If Qwest does submit a higher value offer, the directors of MCI will find it hard to refuse, and the move may well force its current merger partner, Verizon Communications Inc, to increase its $6.75bn offer.

According to reports, one of the reasons why Qwest is so desperate to snare MCI is because the second largest telecoms carrier offers the ability for Qwest to reduce its own $17bn debt pile and save up to $2bn a year in costs. Analysts say Qwest could raise the cash in its offer several dollars per share and still improve the balance sheet of a merged MCI-Qwest.

There is little doubt though that Qwest is facing a David versus Goliath battle with market leader Verizon, which is by far the bigger and stronger company of the two. Qwest is currently conducting a hearts and minds campaign of MCI’s shareholders, and seems to be making significant headway with this strategy.

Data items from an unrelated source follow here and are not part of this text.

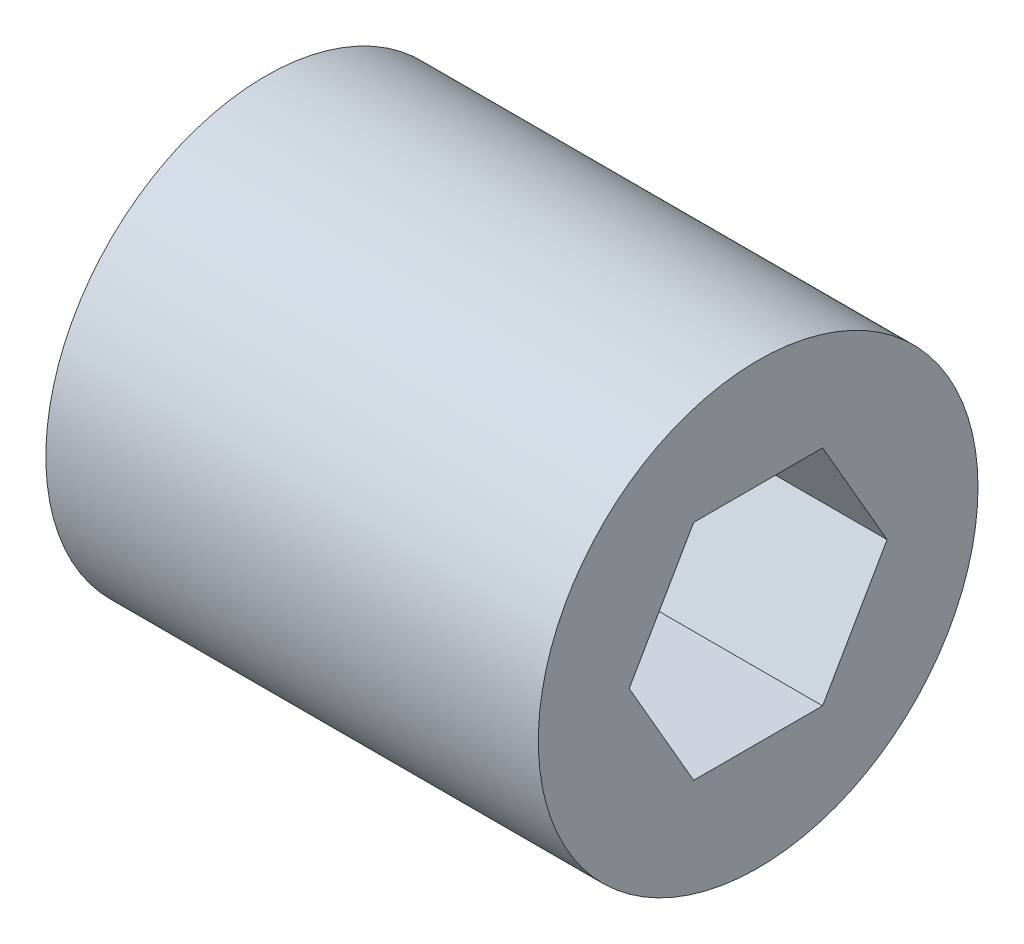
from build123d import *

# Parameters (mm, degrees)
CROQUIS1_R              = 12.5
SALIENTE_EXTRUIR1_DEPTH = 28


with BuildPart() as part:
    # Croquis1 → Saliente-Extruir1 (new body)
    with BuildSketch(Plane(origin=(0, 0, 0), x_dir=(0, 0, -1), z_dir=(1, 0, 0))):
        Circle(CROQUIS1_R)
        Polygon((7.332348419, 0), (3.666174209, 6.35), (-3.666174209, 6.35), (-7.332348419, 0), (-3.666174209, -6.35), (3.666174209, -6.35), align=None, mode=Mode.SUBTRACT)
    extrude(amount=SALIENTE_EXTRUIR1_DEPTH)


solid = part.part

Hedge fund manager Elliott Associates, one of MCI’s top shareholders, said in a letter to MCI directors on Wednesday that it would vote against a merger with Verizon, as the deal now stands. A number of other MCI shareholders have also openly stated that the synergies and cost cuts of a Qwest-MCI tie would boost Qwest’s share price, making its offer even more attractive.

Shares in MCI rose 0.2% to $22.99 on Nasdaq, as of 5.20pm GMT Thursday.

MCI is due to reports its fourth quarter and year-end results on Friday, but the event threatens to be overshadowed by the looming prospect of a bidding war.